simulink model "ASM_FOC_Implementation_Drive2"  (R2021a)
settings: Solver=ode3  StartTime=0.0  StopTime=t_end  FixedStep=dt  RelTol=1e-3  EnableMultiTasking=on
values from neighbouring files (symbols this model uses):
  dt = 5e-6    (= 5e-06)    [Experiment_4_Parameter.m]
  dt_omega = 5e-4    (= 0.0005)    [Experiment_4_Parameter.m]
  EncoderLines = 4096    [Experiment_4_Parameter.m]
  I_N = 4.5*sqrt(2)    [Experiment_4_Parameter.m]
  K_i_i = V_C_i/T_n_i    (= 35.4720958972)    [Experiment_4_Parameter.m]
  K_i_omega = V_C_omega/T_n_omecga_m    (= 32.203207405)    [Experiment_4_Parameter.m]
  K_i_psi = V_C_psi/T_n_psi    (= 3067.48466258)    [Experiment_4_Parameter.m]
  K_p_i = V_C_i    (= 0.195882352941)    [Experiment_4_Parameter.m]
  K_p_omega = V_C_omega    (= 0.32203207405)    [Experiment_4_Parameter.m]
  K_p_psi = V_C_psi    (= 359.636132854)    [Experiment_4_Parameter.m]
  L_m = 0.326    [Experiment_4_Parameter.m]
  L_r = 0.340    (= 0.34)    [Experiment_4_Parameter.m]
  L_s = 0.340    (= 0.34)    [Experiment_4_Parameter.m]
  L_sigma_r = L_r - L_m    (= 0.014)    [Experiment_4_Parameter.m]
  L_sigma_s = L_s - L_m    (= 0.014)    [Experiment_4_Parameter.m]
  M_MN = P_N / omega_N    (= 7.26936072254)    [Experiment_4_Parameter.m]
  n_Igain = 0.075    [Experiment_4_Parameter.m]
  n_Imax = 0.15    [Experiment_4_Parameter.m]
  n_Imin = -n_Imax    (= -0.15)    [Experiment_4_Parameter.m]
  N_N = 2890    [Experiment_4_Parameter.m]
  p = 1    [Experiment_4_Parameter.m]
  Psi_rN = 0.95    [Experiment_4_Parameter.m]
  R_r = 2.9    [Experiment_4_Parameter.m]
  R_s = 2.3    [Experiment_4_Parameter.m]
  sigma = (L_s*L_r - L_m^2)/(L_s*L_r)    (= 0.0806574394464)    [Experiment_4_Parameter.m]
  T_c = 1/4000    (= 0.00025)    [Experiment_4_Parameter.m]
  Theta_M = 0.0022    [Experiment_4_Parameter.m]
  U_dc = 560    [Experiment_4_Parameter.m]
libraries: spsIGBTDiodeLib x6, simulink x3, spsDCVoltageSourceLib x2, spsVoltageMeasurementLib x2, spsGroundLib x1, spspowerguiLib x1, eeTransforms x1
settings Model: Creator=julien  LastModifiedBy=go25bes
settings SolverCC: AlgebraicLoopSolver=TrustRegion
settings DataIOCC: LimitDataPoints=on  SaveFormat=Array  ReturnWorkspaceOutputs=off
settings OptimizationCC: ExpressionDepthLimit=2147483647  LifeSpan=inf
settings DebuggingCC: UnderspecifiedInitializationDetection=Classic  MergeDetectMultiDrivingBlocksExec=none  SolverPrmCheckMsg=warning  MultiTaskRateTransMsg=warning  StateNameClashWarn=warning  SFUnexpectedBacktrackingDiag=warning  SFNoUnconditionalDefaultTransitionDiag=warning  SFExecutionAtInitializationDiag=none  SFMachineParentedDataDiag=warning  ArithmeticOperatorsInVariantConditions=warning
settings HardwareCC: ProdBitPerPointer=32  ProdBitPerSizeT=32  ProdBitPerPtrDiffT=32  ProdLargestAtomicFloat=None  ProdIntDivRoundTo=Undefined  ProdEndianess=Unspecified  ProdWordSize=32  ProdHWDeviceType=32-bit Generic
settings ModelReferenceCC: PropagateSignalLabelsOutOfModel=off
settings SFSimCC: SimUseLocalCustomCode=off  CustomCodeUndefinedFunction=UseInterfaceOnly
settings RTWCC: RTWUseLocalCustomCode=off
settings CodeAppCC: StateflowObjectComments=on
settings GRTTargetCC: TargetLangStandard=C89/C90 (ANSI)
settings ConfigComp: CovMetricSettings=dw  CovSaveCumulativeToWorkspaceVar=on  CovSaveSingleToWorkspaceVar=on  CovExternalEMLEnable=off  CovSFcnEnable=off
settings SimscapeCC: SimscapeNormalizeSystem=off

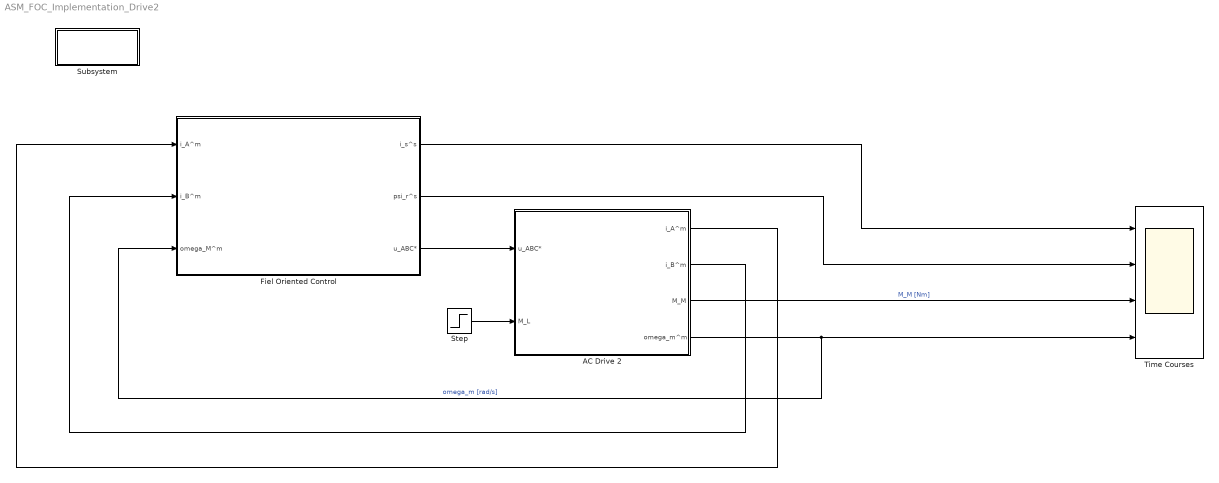
== system ASM_FOC_Implementation_Drive2 ==
  AC Drive 2 : Subsystem
  Fiel Oriented Control : Subsystem
  Step : Step  Time=0.5  After=0.5*M_MN  SampleTime=0
  Subsystem : Subsystem
      settings: OpenFcn=Experiment_4_Parameter
      mask Display: disp('Initialize\n (doppelklicken)')
  Time Courses : Scope  NumInputPorts=4
  wires:
  AC Drive 2/4(omega_m^m) -> Time Courses/4, Fiel Oriented Control/3(omega_M^m)  "omega_m [rad/s]"
  AC Drive 2/3(M_M) -> Time Courses/3  "M_M [Nm]"
  AC Drive 2/1(i_A^m) -> Fiel Oriented Control/1(i_A^m)
  AC Drive 2/2(i_B^m) -> Fiel Oriented Control/2(i_B^m)
  Fiel Oriented Control/1(i_s^s) -> Time Courses/1
  Fiel Oriented Control/3(u_ABC*) -> AC Drive 2/1(u_ABC*)
  Fiel Oriented Control/2(psi_r^s) -> Time Courses/2
  Step/1 -> AC Drive 2/2(M_L)

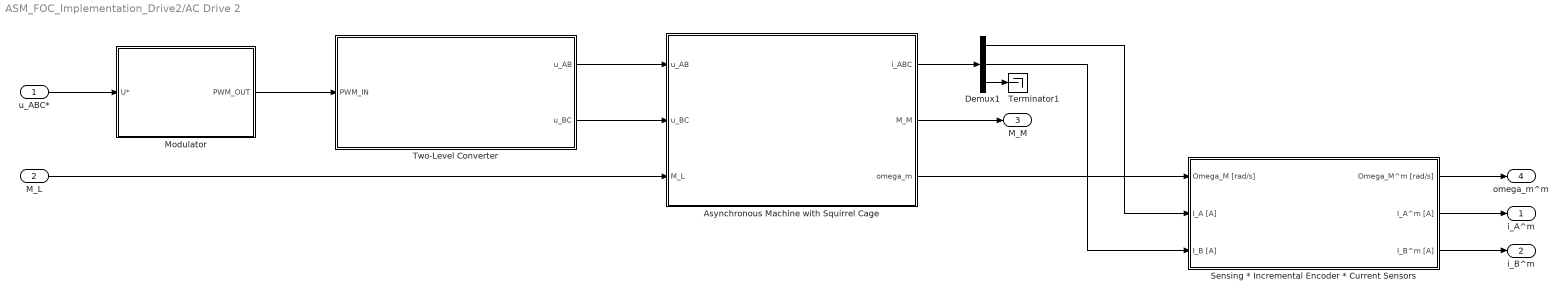
== system ASM_FOC_Implementation_Drive2/AC Drive 2 ==
  u_ABC* : Inport
  M_L : Inport  Port=2
  Asynchronous Machine with Squirrel Cage : Subsystem
  Demux1 : Demux  Outputs=3
  Modulator : Subsystem
  Sensing * Incremental Encoder * Current Sensors : Subsystem
  Terminator1 : Terminator
  Two-Level Converter : Subsystem
  i_A^m : Outport
  i_B^m : Outport  Port=2
  M_M : Outport  Port=3
  omega_m^m : Outport  Port=4
  wires:
  Asynchronous Machine with Squirrel Cage/2(M_M) -> M_M/1
  M_L/1 -> Asynchronous Machine with Squirrel Cage/3(M_L)
  u_ABC*/1 -> Modulator/1(U*)
  Modulator/1(PWM_OUT) -> Two-Level Converter/1(PWM_IN)
  Two-Level Converter/1("u_AB ") -> Asynchronous Machine with Squirrel Cage/1(u_AB)
  Two-Level Converter/2("u_BC ") -> Asynchronous Machine with Squirrel Cage/2(u_BC)
  Asynchronous Machine with Squirrel Cage/1(i_ABC) -> Demux1/1
  Demux1/3 -> Terminator1/1
  Sensing * Incremental Encoder * Current Sensors/1(Omega_M^m [rad/s]) -> omega_m^m/1
  Sensing * Incremental Encoder * Current Sensors/2(I_A^m [A]) -> i_A^m/1
  Demux1/2 -> Sensing * Incremental Encoder * Current Sensors/3(I_B [A])
  Demux1/1 -> Sensing * Incremental Encoder * Current Sensors/2(I_A [A])
  Asynchronous Machine with Squirrel Cage/3(omega_m) -> Sensing * Incremental Encoder * Current Sensors/1(Omega_M [rad/s])
  Sensing * Incremental Encoder * Current Sensors/3(I_B^m [A]) -> i_B^m/1

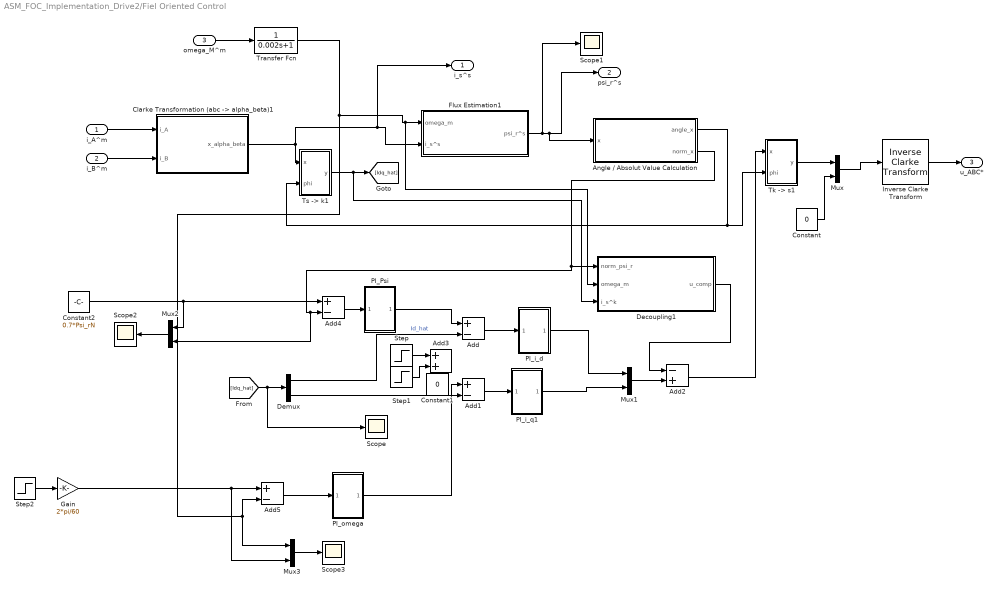
== system ASM_FOC_Implementation_Drive2/Fiel Oriented Control ==
  i_A^m : Inport
  i_B^m : Inport  Port=2
  omega_M^m : Inport  Port=3
  Add{,1,4..5} (4 alike) : Sum  Inputs=+-
  Add2 : Sum  Inputs=-+
  Add3 : Sum
  "Angle / Absolut Value Calculation " : Subsystem
  "Clarke Transformation (abc -> alpha_beta)1" : Subsystem
  Constant : Constant  Value=0
  Constant1 : Constant  Value=0
  Constant2 : Constant  Value=0.7*Psi_rN
  Decoupling1 : Subsystem
  Demux : Demux  Outputs=2
  Flux Estimation1 : Subsystem
  Gain : Gain  Gain=2*pi/60
  Inverse Clarke Transform : eeTransforms/Inverse Clarke Transform  PowerInvariant=off
      settings: SourceProductBaseCode=PS
  Mux{,1..3} (4 alike) : Mux  Inputs=2
  PI_Psi : Subsystem
  PI_i_d : Subsystem
  PI_i_q1 : Subsystem
  PI_omega : Subsystem
  Scope{,1..3} (4 alike) : Scope
  Step : Step  Time=0.6  After=2  SampleTime=0
  Step1 : Step  Time=0.8  After=-2  SampleTime=0
  Step2 : Step  Time=0.2  After=1.1*N_N  SampleTime=0
  "Tk -> s1" : Subsystem
  Transfer Fcn : TransferFcn  Denominator=[0.002 1]
  "Ts -> k1" : Subsystem
  i_s^s : Outport
  psi_r^s : Outport  Port=2
  u_ABC* : Outport  Port=3
  wires:
  i_A^m/1 -> "Clarke Transformation (abc -> alpha_beta)1"/1(i_A)
  i_B^m/1 -> "Clarke Transformation (abc -> alpha_beta)1"/2(i_B)
  "Clarke Transformation (abc -> alpha_beta)1"/1(x_alpha_beta) -> i_s^s/1, Flux Estimation1/2(i_s^s), "Ts -> k1"/1(x)
  Flux Estimation1/1(psi_r^s) -> Scope1/1, "Angle / Absolut Value Calculation "/1(x), psi_r^s/1
  "Tk -> s1"/1(y) -> Mux/1
  "Angle / Absolut Value Calculation "/1(angle_x) -> "Ts -> k1"/2(phi), "Tk -> s1"/2(phi)
  Inverse Clarke Transform/1 -> u_ABC*/1
  Constant/1 -> Mux/2
  Mux/1 -> Inverse Clarke Transform/1
  "Ts -> k1"/1(y) -> Decoupling1/3(i_s^k), [Idq_hat]
  [Idq_hat] -> Scope/1, Demux/1
  Demux/1 -> Add/2  "Id_hat"
  Demux/2 -> Add1/2
  Add/1 -> PI_i_d/1(In1)
  PI_i_d/1(Out1) -> Mux1/1
  Add1/1 -> PI_i_q1/1(In1)
  PI_i_q1/1(Out1) -> Mux1/2
  Mux1/1 -> Add2/2
  Add2/1 -> "Tk -> s1"/1(x)
  "Angle / Absolut Value Calculation "/2(norm_x) -> Mux2/2, Add4/2, Decoupling1/1(norm_psi_r)
  Step/1 -> Add3/1
  Step1/1 -> Add3/2
  Decoupling1/1(u_comp) -> Add2/1
  Add4/1 -> PI_Psi/1(In1)
  Constant2/1 -> Mux2/1, Add4/1
  PI_Psi/1(Out1) -> Add/1
  Mux2/1 -> Scope2/1
  omega_M^m/1 -> Transfer Fcn/1
  Add5/1 -> PI_omega/1(In1)
  PI_omega/1(Out1) -> Add1/1
  Mux3/1 -> Scope3/1
  Step2/1 -> Gain/1
  Gain/1 -> Mux3/2, Add5/1
  Transfer Fcn/1 -> Mux3/1, Add5/2, Decoupling1/2(omega_m), Flux Estimation1/1(omega_m)

== system ASM_FOC_Implementation_Drive2/Subsystem ==

== system ASM_FOC_Implementation_Drive2/AC Drive 2/Asynchronous Machine with Squirrel Cage ==
  u_AB : Inport
  u_BC : Inport  Port=2
  M_L : Inport  Port=3
  Calculation of the Voltage Space Vector : Subsystem
  General AC Machine : Subsystem
  "Inverse Clarke Transformation (alpha_beta -> abc)" : Subsystem
  Rotor Voltage : Constant  Value=0
  Time Courses : Scope  NumInputPorts=5
  i_ABC : Outport
  M_M : Outport  Port=2
  omega_m : Outport  Port=3
  wires:
  Rotor Voltage/1 -> General AC Machine/2(u_r^r)
  Calculation of the Voltage Space Vector/1(u_alpha_beta) -> General AC Machine/1(u_s^s)
  General AC Machine/1(i_s^s) -> Time Courses/1, "Inverse Clarke Transformation (alpha_beta -> abc)"/1(x_alpha_beta)  "i_s^s [A]"
  M_L/1 -> General AC Machine/3(M_L)
  General AC Machine/5(M_M) -> Time Courses/5, M_M/1  "M_M [Nm]"
  "Inverse Clarke Transformation (alpha_beta -> abc)"/1(x_ABC) -> i_ABC/1
  General AC Machine/6(omega_m) -> omega_m/1
  u_AB/1 -> Calculation of the Voltage Space Vector/1(u_AB)
  u_BC/1 -> Calculation of the Voltage Space Vector/2(u_BC)
  General AC Machine/2(psi_s^s) -> Time Courses/2  "psi_s^s [Vs]"
  General AC Machine/3(i_r^r) -> Time Courses/3  "i_r^r [A]"
  General AC Machine/4(psi_r^r) -> Time Courses/4  "psi_r^r [Vs]"

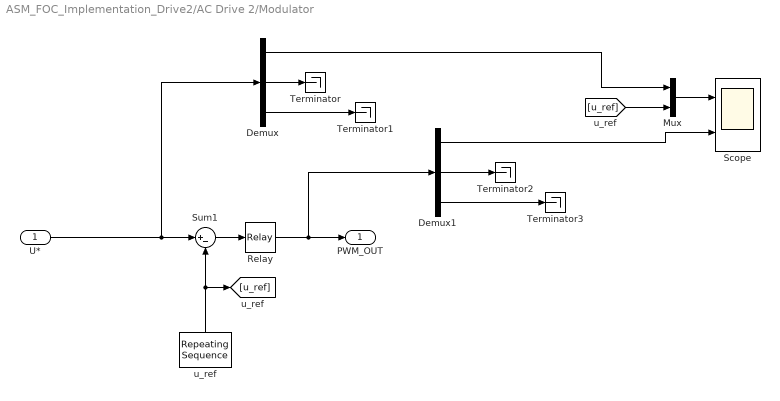
== system ASM_FOC_Implementation_Drive2/AC Drive 2/Modulator ==
  U* : Inport
  Demux : Demux  Outputs=3
  Demux1 : Demux  Outputs=3
  Mux : Mux  Inputs=2
  Relay : Relay  OnSwitchValue=1e-4  OffSwitchValue=-1e-4
  Scope : Scope  NumInputPorts=2
  Sum1 : Sum  Inputs=|+-
  Terminator{,1..3} (4 alike) : Terminator
  u_ref : simulink/Sources/Repeating Sequence  rep_seq_t="[0 T_c/2  T_c]"  rep_seq_y=[1 -1 1]
  PWM_OUT : Outport
  wires:
  Sum1/1 -> Relay/1
  Relay/1 -> Demux1/1, PWM_OUT/1
  Demux/1 -> Mux/1
  Mux/1 -> Scope/1
  u_ref/1 -> [u_ref], Sum1/2
  U*/1 -> Demux/1, Sum1/1
  Demux/2 -> Terminator/1
  Demux/3 -> Terminator1/1
  [u_ref] -> Mux/2
  Demux1/2 -> Terminator2/1
  Demux1/3 -> Terminator3/1
  Demux1/1 -> Scope/2

== system ASM_FOC_Implementation_Drive2/AC Drive 2/Sensing * Incremental Encoder * Current Sensors ==
  Omega_M [rad/s] : Inport
  I_A [A] : Inport  Port=2
  I_B [A] : Inport  Port=3
  Current Sensor : Subsystem  mask(Noise Generator){Noise_Power=0.1*dt, h_Noise=dt, V_Noise=n_Igain, Max_Noise=n_Imax*I_N, Min_Noise=n_Imin*I_N}
      mask prompts: Noise_Power "Noise Power (default: 0.1*h)"; h_Noise "Noise Sampling Time (default: h)"; V_Noise "Noise Gain (Amplification)"; Max_Noise "Maximal Noise Amplitude (Saturation)"; Min_Noise "Minimal Noise Amplitude (Saturation)"
      mask help:
      | This block generates sensor noise (band limited white noise) at a noise sampling time h_Noise [s, default: h] and with a noise power Noise_Power [1, default: 0.1*h], to produce normally distributed bandlimited white noise with a maximal amplitude around 1.
      | The noise amplitude can be amplified with a noise gain V_Noise [1] and saturated with the maximal and minimal noise amplitude selection.
      | With the flag "ENABLE_NOISE" (constant) the noise output can be activated or set to zero.
      mask Display:
      | fprintf('Noise Power: %1.3f [1]\n Noise Sampling Time: %1.3f [s] \n Noise Gain: %g [1] \n Saturation: [%g,%g]'...
      |    ,Noise_Power, h_Noise, V_Noise, Min_Noise, Max_Noise);
      | port_label('input',1,'I [A]');
      | port_label('output',1,'I^m [A]');
  "Current Sensor " : Subsystem  mask(Noise Generator){Noise_Power=0.1*dt, h_Noise=dt, V_Noise=n_Igain, Max_Noise=n_Imax*I_N, Min_Noise=n_Imin*I_N}
      mask prompts: Noise_Power "Noise Power (default: 0.1*h)"; h_Noise "Noise Sampling Time (default: h)"; V_Noise "Noise Gain (Amplification)"; Max_Noise "Maximal Noise Amplitude (Saturation)"; Min_Noise "Minimal Noise Amplitude (Saturation)"
      mask help:
      | This block generates sensor noise (band limited white noise) at a noise sampling time h_Noise [s, default: h] and with a noise power Noise_Power [1, default: 0.1*h], to produce normally distributed bandlimited white noise with a maximal amplitude around 1.
      | The noise amplitude can be amplified with a noise gain V_Noise [1] and saturated with the maximal and minimal noise amplitude selection.
      | With the flag "ENABLE_NOISE" (constant) the noise output can be activated or set to zero.
      mask Display:
      | fprintf('Noise Power: %1.3f [1]\n Noise Sampling Time: %1.3f [s] \n Noise Gain: %g [1] \n Saturation: [%g,%g]'...
      |    ,Noise_Power, h_Noise, V_Noise, Min_Noise, Max_Noise);
      | port_label('input',1,'I [A]');
      | port_label('output',1,'I^m [A]');
  Inkremental-Encoder : Subsystem  mask(Noise Generator){enc_lines=EncoderLines}
      mask prompts: enc_lines "Encoder Lines"
      mask help:
      | This block generates sensor noise (band limited white noise) at a noise sampling time h_Noise [s, default: h] and with a noise power Noise_Power [1, default: 0.1*h], to produce normally distributed bandlimited white noise with a maximal amplitude around 1.
      | The noise amplitude can be amplified with a noise gain V_Noise [1] and saturated with the maximal and minimal noise amplitude selection.
      | With the flag "ENABLE_NOISE" (constant) the noise output can be activated or set to zero.
      mask Display:
      | fprintf('Encoder Lines %g [1]',enc_lines);
      | port_label('input',1,'Omega [rad/s]');
      | port_label('output',1,'Omega^m [rad/s]');
  Omega_M^m [rad/s] : Outport  InitialOutput=0
  I_A^m [A] : Outport  Port=2  InitialOutput=0
  I_B^m [A] : Outport  Port=3  InitialOutput=0
  wires:
  Omega_M [rad/s]/1 -> Inkremental-Encoder/1(Omega [rad/s])
  I_A [A]/1 -> Current Sensor/1(Input)
  I_B [A]/1 -> "Current Sensor "/1(Input)
  "Current Sensor "/1(Output (disturbed by measurement noise)) -> I_B^m [A]/1
  Current Sensor/1(Output (disturbed by measurement noise)) -> I_A^m [A]/1
  Inkremental-Encoder/1(Omega [rad/s] (disturbed by measurement noise)) -> Omega_M^m [rad/s]/1

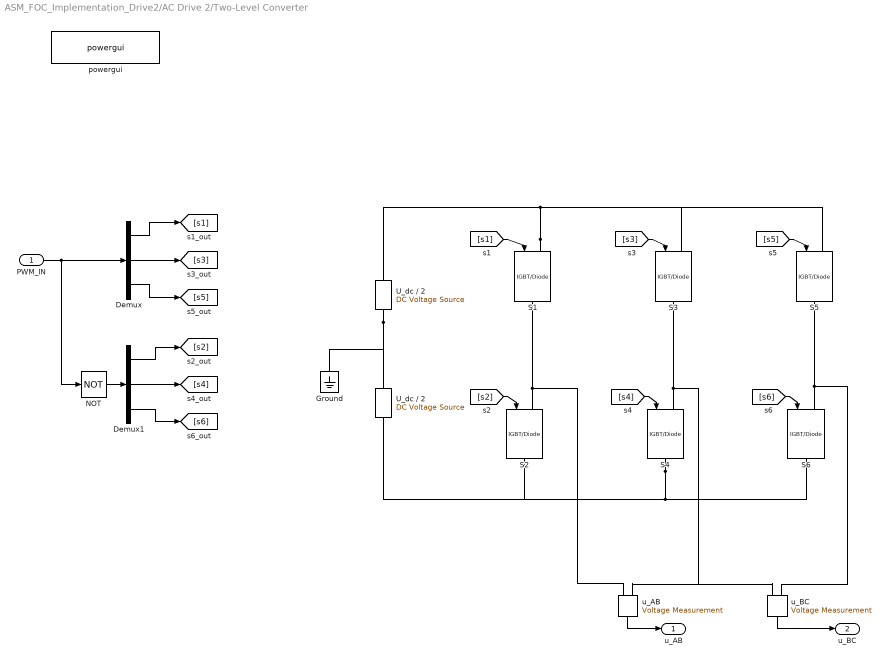
== system ASM_FOC_Implementation_Drive2/AC Drive 2/Two-Level Converter ==
  PWM_IN : Inport
  Demux : Demux  Outputs=3
  Demux1 : Demux  Outputs=3
  Ground : spsGroundLib/Ground  LConnTagsString=a
  NOT : Logic  Operator=NOT  AllPortsSameDT=off  OutDataTypeStr=boolean
  S{1..6} (6 alike) : spsIGBTDiodeLib/IGBT//Diode  Ron=1e-3  Rs=1e5  Cs=inf  Measurements=off
  U_dc / 2 : spsDCVoltageSourceLib/DC Voltage Source  Amplitude=U_dc/2  Measurements=None
  "U_dc / 2 " : spsDCVoltageSourceLib/DC Voltage Source  Amplitude=U_dc/2  Measurements=None
  powergui : spspowerguiLib/powergui  Priority=1  SimulationMode=Discrete  SampleTime=dt  frequency=60  Iterations=50  frequencyindice=0  Pbase=100e6  ErrMax=1e-4  UnitsV=kV  UnitsW=MW  buscounter=0  FunctionMessages=off  echomessages=off  EnableUseOfTLC=off  CurrentSourceSwitches=off  DisableSnubberDevices=off  DisableRonSwitches=off  DisableVfSwitches=off  DisplayEquations=off  AutomaticDiscreteSolvers=off  SolverType=Tustin  Interpol=off  ExternalGateDelay=off  methode=off  Ts=0  x0status=blocks  SPID=off  SwTol=0  HookPort=off  NonlinearTolerance=1e-4  nMaxIteration=100  ContinueOnMaxIteration=off  RestoreLinks=warning  ResistiveCurrentMeasurement=off  Frange=[0:2:500]  Ylog=off  Xlog=on  ShowGrid=off  save=off  variable=ZData  structure=0  ZoomFFT=off  StartTime=0.0  cycles=1  DisplayStyle=1  fundamental=60  FreqAxis=off  MaxFrequency=1000  frequencyindicesteady=1  RmsSteady=1  display=off
  u_AB : spsVoltageMeasurementLib/Voltage Measurement  Tag=PoWeRsYsTeMmEaSuReMeNt  PhasorSimulation=off  OutputType=Magnitude  PSBequivalent=0
  u_BC : spsVoltageMeasurementLib/Voltage Measurement  Tag=PoWeRsYsTeMmEaSuReMeNt  PhasorSimulation=off  OutputType=Magnitude  PSBequivalent=0
  "u_AB " : Outport
  "u_BC " : Outport  Port=2
  wires:
  [s2] -> S2/1
  [s4] -> S4/1
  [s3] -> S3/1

------------------------

--- TASK GOAL ---
Please transcribe the data exactly from its first line. End with the line that contains "I_N = 4.5*sqrt(2)".

--- ANSWER TO THE PROBLEM ---
simulink model "ASM_FOC_Implementation_Drive2"  (R2021a)
settings: Solver=ode3  StartTime=0.0  StopTime=t_end  FixedStep=dt  RelTol=1e-3  EnableMultiTasking=on
values from neighbouring files (symbols this model uses):
  dt = 5e-6    (= 5e-06)    [Experiment_4_Parameter.m]
  dt_omega = 5e-4    (= 0.0005)    [Experiment_4_Parameter.m]
  EncoderLines = 4096    [Experiment_4_Parameter.m]
  I_N = 4.5*sqrt(2)    [Experiment_4_Parameter.m]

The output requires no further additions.